Glenn Tipton, USS Oklahoma Sailor, Identified
The mission of the Defense POW/MIA Accounting Agency (DPAA) to exhume and identify unknown remains from the sinking of the USS Oklahoma (BB-37) continues to reunite families with their long-lost relatives. During the Japanese attack on Pearl Harbor on December 7, 1941, the United States suffered the loss of 2,403 lives. Many ships and aircraft were damaged, including the total destruction of the USS Arizona (BB39) and the USS Oklahoma. Men like Glenn Tipton were serving aboard Oklahoma when Japan’s bombers attacked her with torpedoes and, like hundreds of his fellow sailors, when the vessel capsized, his remains went with it.

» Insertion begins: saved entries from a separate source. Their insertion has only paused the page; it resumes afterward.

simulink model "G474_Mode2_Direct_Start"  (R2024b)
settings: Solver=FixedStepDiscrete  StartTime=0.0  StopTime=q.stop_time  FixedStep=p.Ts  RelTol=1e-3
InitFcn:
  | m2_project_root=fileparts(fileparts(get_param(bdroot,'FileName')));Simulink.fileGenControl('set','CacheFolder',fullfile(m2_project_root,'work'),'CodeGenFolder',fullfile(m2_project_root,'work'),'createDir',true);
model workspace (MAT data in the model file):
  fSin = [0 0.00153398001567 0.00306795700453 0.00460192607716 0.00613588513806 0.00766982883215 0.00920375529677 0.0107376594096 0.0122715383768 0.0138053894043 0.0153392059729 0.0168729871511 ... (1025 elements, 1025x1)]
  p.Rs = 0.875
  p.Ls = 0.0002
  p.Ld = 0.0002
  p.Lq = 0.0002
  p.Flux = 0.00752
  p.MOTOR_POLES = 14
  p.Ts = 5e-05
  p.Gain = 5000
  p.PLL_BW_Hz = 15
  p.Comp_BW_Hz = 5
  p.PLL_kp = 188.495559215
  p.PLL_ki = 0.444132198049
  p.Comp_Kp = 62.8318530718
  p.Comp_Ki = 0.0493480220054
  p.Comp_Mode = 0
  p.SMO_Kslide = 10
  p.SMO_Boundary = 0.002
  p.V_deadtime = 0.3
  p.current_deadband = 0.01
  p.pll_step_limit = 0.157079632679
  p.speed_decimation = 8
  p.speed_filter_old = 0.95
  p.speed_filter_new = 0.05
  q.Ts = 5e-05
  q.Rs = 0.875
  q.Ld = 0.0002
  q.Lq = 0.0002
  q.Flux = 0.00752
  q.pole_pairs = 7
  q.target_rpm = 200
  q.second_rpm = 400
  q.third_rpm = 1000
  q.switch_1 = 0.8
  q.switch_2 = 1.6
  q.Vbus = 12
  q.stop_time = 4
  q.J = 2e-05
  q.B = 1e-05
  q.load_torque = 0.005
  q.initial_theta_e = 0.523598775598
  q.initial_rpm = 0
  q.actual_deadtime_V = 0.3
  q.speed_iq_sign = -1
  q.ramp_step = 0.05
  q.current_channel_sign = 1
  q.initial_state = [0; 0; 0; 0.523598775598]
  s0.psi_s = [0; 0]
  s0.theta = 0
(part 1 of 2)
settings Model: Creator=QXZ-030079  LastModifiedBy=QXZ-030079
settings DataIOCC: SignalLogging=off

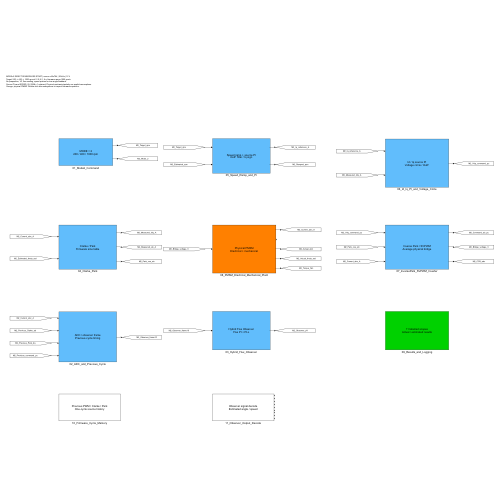
[thumbnail: Simulink's stored preview of the top-level diagram]
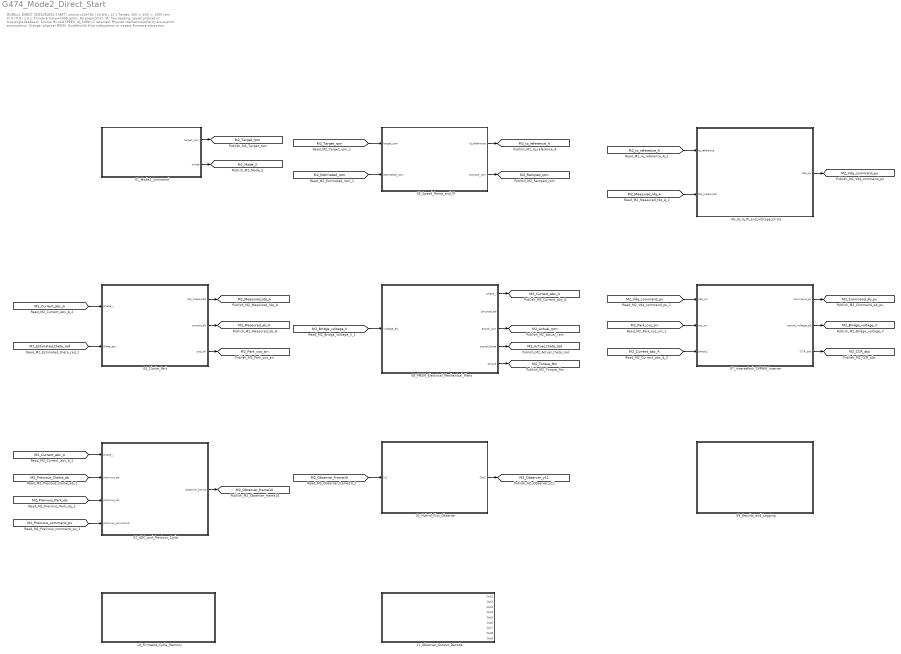
== system G474_Mode2_Direct_Start ==
  note: MODE=2 DIRECT SENSORLESS START | source c43e794 | 20 kHz | 12 V
      | Target: 200 -> 400 -> 1000 rpm at 0 / 0.8 / 1.6 s; firmware ramp=1000 rpm/s.
      | No preposition, VF, flux seeding, speed preload or true-angle feedback.
      | Source PIs and SPEED_IQ_SIGN=-1 retained. Physical mechanics/polarity are explicit assumptions.
      | Orange: physical PMSM. Double-click blue subsystems to inspect firmware equations.
  01_Mode2_Command : Subsystem
      mask Display: disp('MODE = 2\n200 / 400 / 1000 rpm');
  02_ADC_and_Previous_Cycle : Subsystem
      mask Display: disp('ADC / observer frame\nPrevious-cycle timing');
  03_Hybrid_Flux_Observer : Subsystem
      settings: OpenFcn=open_system(gcb,'force')
      mask Display: disp('Hybrid Flux Observer\nFlux PI + PLL');
  04_Clarke_Park : Subsystem
      mask Display: disp('Clarke / Park\nFirmware sine table');
  05_Speed_Ramp_and_PI : Subsystem
      mask Display: disp('Speed ramp + source PI\nOutF filter / Iq sign');
  06_Id_Iq_PI_and_Voltage_Circle : Subsystem
      mask Display: disp('Id / Iq source PI\nVoltage circle / OutF');
  07_InversePark_SVPWM_Inverter : Subsystem
      mask Display: disp('Inverse Park / SVPWM\nAverage physical bridge');
  08_PMSM_Electrical_Mechanical_Plant : Subsystem
      mask Display: disp('Physical PMSM\nElectrical + mechanical');
  09_Results_and_Logging : Subsystem
      mask Display: disp('11 labelled scopes\nActual / estimated results');
  10_Firmware_Cycle_Memory : Subsystem
      mask Display: disp('Previous PWM / Clarke / Park\nOne-cycle source history');
  11_Observer_Output_Decode : Subsystem
      mask Display: disp('Observer signal decode\nEstimated angle / speed');
  tag scope: M2_Actual_rpm=global, M2_Actual_theta_rad=global, M2_Bridge_voltage_V=global, M2_CCR_abc=global, M2_Command_ab_pu=global, M2_Current_abc_A=global, M2_Iq_reference_A=global, M2_Measured_Idq_A=global, M2_Measured_ab_A=global, M2_Mode_2=global, M2_Observer_frame10=global, M2_Observer_y11=global, M2_Park_cos_sin=global, M2_Ramped_rpm=global, M2_Target_rpm=global, M2_Torque_Nm=global, M2_Vdq_command_pu=global
  wires:
  01_Mode2_Command/2(mode) -> [M2_Mode_2]
  07_InversePark_SVPWM_Inverter/3(CCR_abc) -> [M2_CCR_abc]
  05_Speed_Ramp_and_PI/2(ramped_rpm) -> [M2_Ramped_rpm]
  08_PMSM_Electrical_Mechanical_Plant/5(torque) -> [M2_Torque_Nm]
  08_PMSM_Electrical_Mechanical_Plant/4(actual_theta) -> [M2_Actual_theta_rad]
  08_PMSM_Electrical_Mechanical_Plant/3(actual_rpm) -> [M2_Actual_rpm]
  07_InversePark_SVPWM_Inverter/2(actual_voltage_ab) -> [M2_Bridge_voltage_V]
  [M2_Bridge_voltage_V] -> 08_PMSM_Electrical_Mechanical_Plant/1(voltage_ab)
  04_Clarke_Park/3(cos_sin) -> [M2_Park_cos_sin]
  [M2_Park_cos_sin] -> 07_InversePark_SVPWM_Inverter/2(cos_sin)
  06_Id_Iq_PI_and_Voltage_Circle/1(Vdq_pu) -> [M2_Vdq_command_pu]
  [M2_Vdq_command_pu] -> 07_InversePark_SVPWM_Inverter/1(Vdq_pu)
  05_Speed_Ramp_and_PI/1(Iq_reference) -> [M2_Iq_reference_A]
  [M2_Iq_reference_A] -> 06_Id_Iq_PI_and_Voltage_Circle/1(Iq_reference)
  [M2_Estimated_rpm] -> 05_Speed_Ramp_and_PI/2(estimated_rpm)
  01_Mode2_Command/1(target_rpm) -> [M2_Target_rpm]
  [M2_Target_rpm] -> 05_Speed_Ramp_and_PI/1(target_rpm)
  [M2_Estimated_theta_rad] -> 04_Clarke_Park/2(theta_est)
  03_Hybrid_Flux_Observer/1(Out1) -> [M2_Observer_y11]
  02_ADC_and_Previous_Cycle/1(observer_frame) -> [M2_Observer_frame10]
  [M2_Observer_frame10] -> 03_Hybrid_Flux_Observer/1(In1)
  [M2_Previous_command_pu] -> 02_ADC_and_Previous_Cycle/4(previous_command)
  [M2_Previous_Park_dq] -> 02_ADC_and_Previous_Cycle/3(previous_dq)
  [M2_Previous_Clarke_ab] -> 02_ADC_and_Previous_Cycle/2(previous_ab)
  08_PMSM_Electrical_Mechanical_Plant/1(phase_i) -> [M2_Current_abc_A]
  [M2_Current_abc_A] -> 02_ADC_and_Previous_Cycle/1(phase_i)
  [M2_Current_abc_A] -> 04_Clarke_Park/1(phase_i)
  [M2_Current_abc_A] -> 07_InversePark_SVPWM_Inverter/3(phase_i)
  04_Clarke_Park/1(Idq_measured) -> [M2_Measured_Idq_A]
  [M2_Measured_Idq_A] -> 06_Id_Iq_PI_and_Voltage_Circle/2(Idq_measured)
  04_Clarke_Park/2(current_ab) -> [M2_Measured_ab_A]
  07_InversePark_SVPWM_Inverter/1(command_pu) -> [M2_Command_ab_pu]

== system G474_Mode2_Direct_Start/01_Mode2_Command ==
  Initial_200rpm : Constant  Value=q.target_rpm
  MODE_SENSORLESS_2 : Constant  Value=2
  Speed_schedule : Sum  Inputs=+++
  Switch_to_1000rpm : Step  Time=q.switch_2  After=q.third_rpm-q.second_rpm  SampleTime=p.Ts
  Switch_to_400rpm : Step  Time=q.switch_1  After=q.second_rpm-q.target_rpm  SampleTime=p.Ts
  target_rpm : Outport
  mode : Outport  Port=2
  wires:
  MODE_SENSORLESS_2/1 -> mode/1
  Speed_schedule/1 -> target_rpm/1
  Initial_200rpm/1 -> Speed_schedule/1
  Switch_to_400rpm/1 -> Speed_schedule/2
  Switch_to_1000rpm/1 -> Speed_schedule/3

== system G474_Mode2_Direct_Start/02_ADC_and_Previous_Cycle ==
  phase_i : Inport
  previous_ab : Inport  Port=2
  previous_dq : Inport  Port=3
  previous_command : Inport  Port=4
  Firmware_call_order : MATLAB Function  TreatAsAtomicUnit=on
  observer_frame : Outport
  wires:
  previous_command/1 -> Firmware_call_order/1(old_command)
  phase_i/1 -> Firmware_call_order/2(phase_i)
  previous_ab/1 -> Firmware_call_order/3(old_ab)
  previous_dq/1 -> Firmware_call_order/4(old_dq)
  Firmware_call_order/1(frame) -> observer_frame/1

== system G474_Mode2_Direct_Start/03_Hybrid_Flux_Observer ==
  In1 : Inport
  01_Voltage_Compensation : Subsystem
      settings: OpenFcn=open_system(gcb,'force')
      mask Display: port_label('input',1,'command_pu');port_label('input',2,'phase_current');port_label('input',3,'Vbus');port_label('input',4,'Km');port_label('output',1,'voltage_V');
  02_Active_Flux_Models : Subsystem
      settings: OpenFcn=open_system(gcb,'force')
      mask Display: port_label('input',1,'theta_previous');port_label('input',2,'current_ab');port_label('input',3,'psi_s_previous');port_label('input',4,'Id');port_label('output',1,'psi_I');port_label('output',2,'psi_V');
  03_Flux_Feedback : Subsystem
      settings: OpenFcn=open_system(gcb,'force')
      mask Display: port_label('input',1,'psi_I');port_label('input',2,'psi_V');port_label('output',1,'Ucomp');
  04_Stator_Integrator : Subsystem
      settings: OpenFcn=open_system(gcb,'force')
      mask Display: port_label('input',1,'voltage_V');port_label('input',2,'current_ab');port_label('input',3,'Ucomp');port_label('output',1,'psi_s_new');port_label('output',2,'psi_s_previous');
  05_PLL_and_Angle : Subsystem
      settings: OpenFcn=open_system(gcb,'force')
      mask Display: port_label('input',1,'psi_V');port_label('output',1,'theta_previous');port_label('output',2,'step_rad');port_label('output',3,'theta_new');port_label('output',4,'PLL_error');
  06_Speed_Filter : Subsystem
      settings: OpenFcn=open_system(gcb,'force')
      mask Display: port_label('input',1,'step_rad');port_label('output',1,'electrical_Hz');port_label('output',2,'firmware_RPM');
  Input split : Demux  Outputs=[2 3 2 1 1 1]
  Results : Mux  Inputs=8
  Out1 : Outport
  wires:
  03_Flux_Feedback/1(Ucomp) -> 04_Stator_Integrator/3(Ucomp)
  02_Active_Flux_Models/2(psi_V) -> 05_PLL_and_Angle/1(psi_V), Results/4, 03_Flux_Feedback/2(psi_V)
  06_Speed_Filter/2(firmware_RPM) -> Results/3
  06_Speed_Filter/1(electrical_Hz) -> Results/2
  Results/1 -> Out1/1
  04_Stator_Integrator/2(psi_s_previous) -> 02_Active_Flux_Models/3(psi_s_previous)
  04_Stator_Integrator/1(psi_s_new) -> Results/5
  05_PLL_and_Angle/4(PLL_error) -> Results/6
  05_PLL_and_Angle/3(theta_new) -> Results/1
  05_PLL_and_Angle/2(step_rad) -> 06_Speed_Filter/1(step_rad), Results/7
  01_Voltage_Compensation/1(voltage_V) -> 04_Stator_Integrator/1(voltage_V), Results/8
  Input split/5 -> 01_Voltage_Compensation/3(Vbus)
  02_Active_Flux_Models/1(psi_I) -> 03_Flux_Feedback/1(psi_I)
  Input split/6 -> 01_Voltage_Compensation/4(Km)
  Input split/3 -> 02_Active_Flux_Models/2(current_ab), 04_Stator_Integrator/2(current_ab)
  Input split/1 -> 01_Voltage_Compensation/1(command_pu)
  Input split/4 -> 02_Active_Flux_Models/4(Id)
  In1/1 -> Input split/1
  Input split/2 -> 01_Voltage_Compensation/2(phase_current)
  05_PLL_and_Angle/1(theta_previous) -> 02_Active_Flux_Models/1(theta_previous)

== system G474_Mode2_Direct_Start/04_Clarke_Park ==
  phase_i : Inport
  theta_est : Inport  Port=2
  Source_lookup_and_transform : MATLAB Function  TreatAsAtomicUnit=on
  Idq_measured : Outport
  current_ab : Outport  Port=2
  cos_sin : Outport  Port=3
  wires:
  phase_i/1 -> Source_lookup_and_transform/1(iabc)
  Source_lookup_and_transform/3(cs) -> cos_sin/1
  theta_est/1 -> Source_lookup_and_transform/2(theta)
  Source_lookup_and_transform/1(dq) -> Idq_measured/1
  Source_lookup_and_transform/2(iab) -> current_ab/1

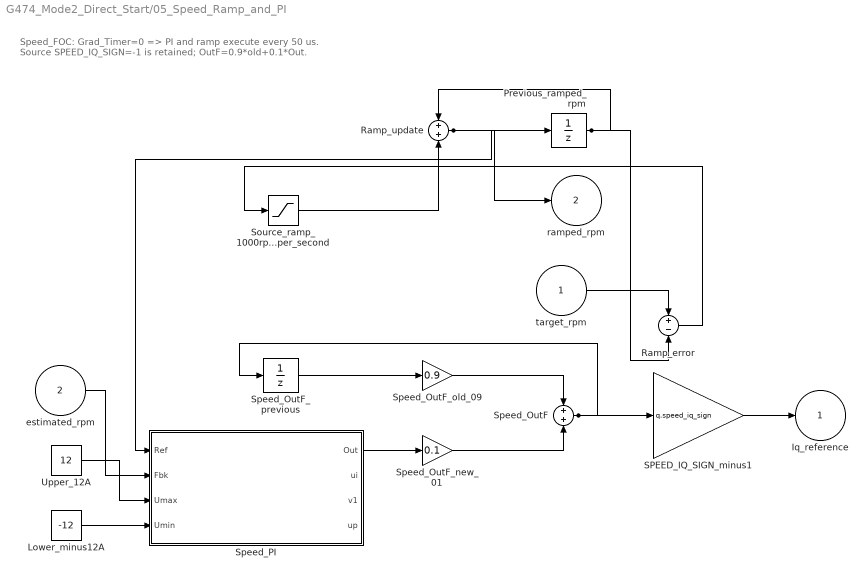
== system G474_Mode2_Direct_Start/05_Speed_Ramp_and_PI ==
  note: Speed_FOC: Grad_Timer=0 => PI and ramp execute every 50 us.
      | Source SPEED_IQ_SIGN=-1 is retained; OutF=0.9*old+0.1*Out.
  target_rpm : Inport
  estimated_rpm : Inport  Port=2
  Lower_minus12A : Constant  Value=-12
  Previous_ramped_rpm : UnitDelay  SampleTime=p.Ts  HasFrameUpgradeWarning=on
  Ramp_error : Sum  Inputs=+-
  Ramp_update : Sum
  SPEED_IQ_SIGN_minus1 : Gain  Gain=q.speed_iq_sign
  Source_ramp_1000rpm_per_second : Saturate  UpperLimit=q.ramp_step  LowerLimit=-q.ramp_step
  Speed_OutF : Sum
  Speed_OutF_new_01 : Gain  Gain=0.1
  Speed_OutF_old_09 : Gain  Gain=0.9
  Speed_OutF_previous : UnitDelay  SampleTime=p.Ts  HasFrameUpgradeWarning=on
  Speed_PI : Subsystem  mask{Kp=0.01, Ki=0.0001, Ts=p.Ts}
      mask prompts: Kp "Kp (source coefficient)"; Ki "Ki (per call, already discrete)"; Ts "Execution period (s)"
      settings: OpenFcn=open_system(gcb,'force')
      mask Display: port_label('input',1,'Ref');port_label('input',2,'Fbk');port_label('input',3,'Umax');port_label('input',4,'Umin');port_label('output',1,'Out');port_label('output',2,'ui');port_label('output',3,'v1');port_label('output',4,'up');
  Upper_12A : Constant  Value=12
  Iq_reference : Outport
  ramped_rpm : Outport  Port=2
  wires:
  Speed_OutF_old_09/1 -> Speed_OutF/1
  Ramp_update/1 -> Speed_PI/1(Ref), Previous_ramped_rpm/1, ramped_rpm/1
  Speed_PI/1(Out) -> Speed_OutF_new_01/1
  estimated_rpm/1 -> Speed_PI/2(Fbk)
  Upper_12A/1 -> Speed_PI/3(Umax)
  Source_ramp_1000rpm_per_second/1 -> Ramp_update/2
  Lower_minus12A/1 -> Speed_PI/4(Umin)
  Speed_OutF_previous/1 -> Speed_OutF_old_09/1
  target_rpm/1 -> Ramp_error/1
  Speed_OutF_new_01/1 -> Speed_OutF/2
  Previous_ramped_rpm/1 -> Ramp_error/2, Ramp_update/1
  Speed_OutF/1 -> Speed_OutF_previous/1, SPEED_IQ_SIGN_minus1/1
  Ramp_error/1 -> Source_ramp_1000rpm_per_second/1
  SPEED_IQ_SIGN_minus1/1 -> Iq_reference/1

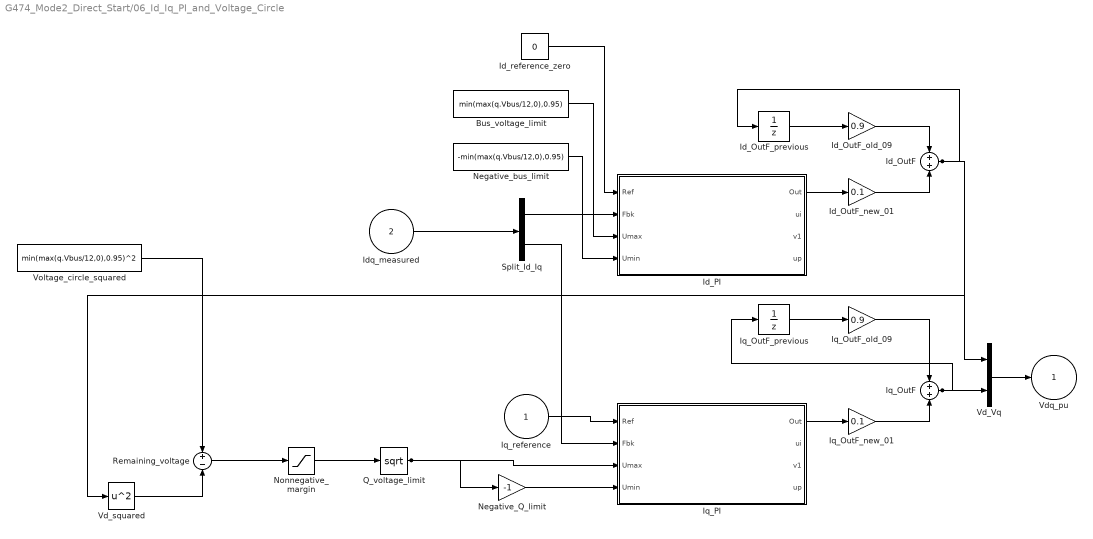
== system G474_Mode2_Direct_Start/06_Id_Iq_PI_and_Voltage_Circle ==
  Iq_reference : Inport
  Idq_measured : Inport  Port=2
  Bus_voltage_limit : Constant  Value=min(max(q.Vbus/12,0),0.95)
  Id_OutF : Sum
  Id_OutF_new_01 : Gain  Gain=0.1
  Id_OutF_old_09 : Gain  Gain=0.9
  Id_OutF_previous : UnitDelay  SampleTime=p.Ts  HasFrameUpgradeWarning=on
  Id_PI : Subsystem  mask{Kp=0.01, Ki=0.00001, Ts=p.Ts}
      mask prompts: Kp "Kp (source coefficient)"; Ki "Ki (per call, already discrete)"; Ts "Execution period (s)"
      settings: OpenFcn=open_system(gcb,'force')
      mask Display: port_label('input',1,'Ref');port_label('input',2,'Fbk');port_label('input',3,'Umax');port_label('input',4,'Umin');port_label('output',1,'Out');port_label('output',2,'ui');port_label('output',3,'v1');port_label('output',4,'up');
  Id_reference_zero : Constant  Value=0
  Iq_OutF : Sum
  Iq_OutF_new_01 : Gain  Gain=0.1
  Iq_OutF_old_09 : Gain  Gain=0.9
  Iq_OutF_previous : UnitDelay  SampleTime=p.Ts  HasFrameUpgradeWarning=on
  Iq_PI : Subsystem  mask{Kp=0.01, Ki=0.00001, Ts=p.Ts}
      mask prompts: Kp "Kp (source coefficient)"; Ki "Ki (per call, already discrete)"; Ts "Execution period (s)"
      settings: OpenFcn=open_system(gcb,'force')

The Unidentified Remains of the USS Oklahoma
During salvage and rescue operations, the remains of the Oklahoma crewmen who were trapped on board when their ship sank were brought ashore, though many were deemed unidentifiable based on their condition. Glenn Tipton was among those who were buried together in mass graves at the National Memorial Cemetery of the Pacific in Punchbowl Crater. The remains went unclaimed for decades, as the resources and technology available at the time didn’t allow for them to be identified and reunited with family. More than 76 years later, Tipton was finally identified among the remains of other Pearl Harbor casualties in the same mass grave.
As part of the DPAA”s five-year-plan to exhume and identify all sailors from the Oklahoma, Tipton’s remains were identified using DNA matching with that of members of his surviving family. In 2013, two years before the DPAA officially launched the program, Tipton’s family submitted DNA samples, hoping to finally bring their relative home. They waited patiently as the agency did its work. Five years later, they finally received the news they had hoped for: Tipton’s remains were finally identified and he would be making the return trip to the mainland for a proper burial and ceremony.
Glenn Tipton is one of dozens of sailors who have been sent back home after being exhumed and identified. Each is typically given a military escort back to their home town, or buried in a plot specified by their family in a ceremony attended by members of the US Navy. As we learn year after year, when it comes to Pearl Harbor, it’s never too late to reunite the brave men who gave everything during their service to the nation with the families they left behind.
Glenn Tipton Comes Home
Once his remains are returned home, a funeral ceremony is slated for June of 2018 at the Wings of Honor Museum in Walnut Ridge, AR. The DoD and DPAA expect the program to run until 2020 and are using all resources available to them to accomplish the task of clearing out the mass graves and sending the sailors of the USS Oklahoma home.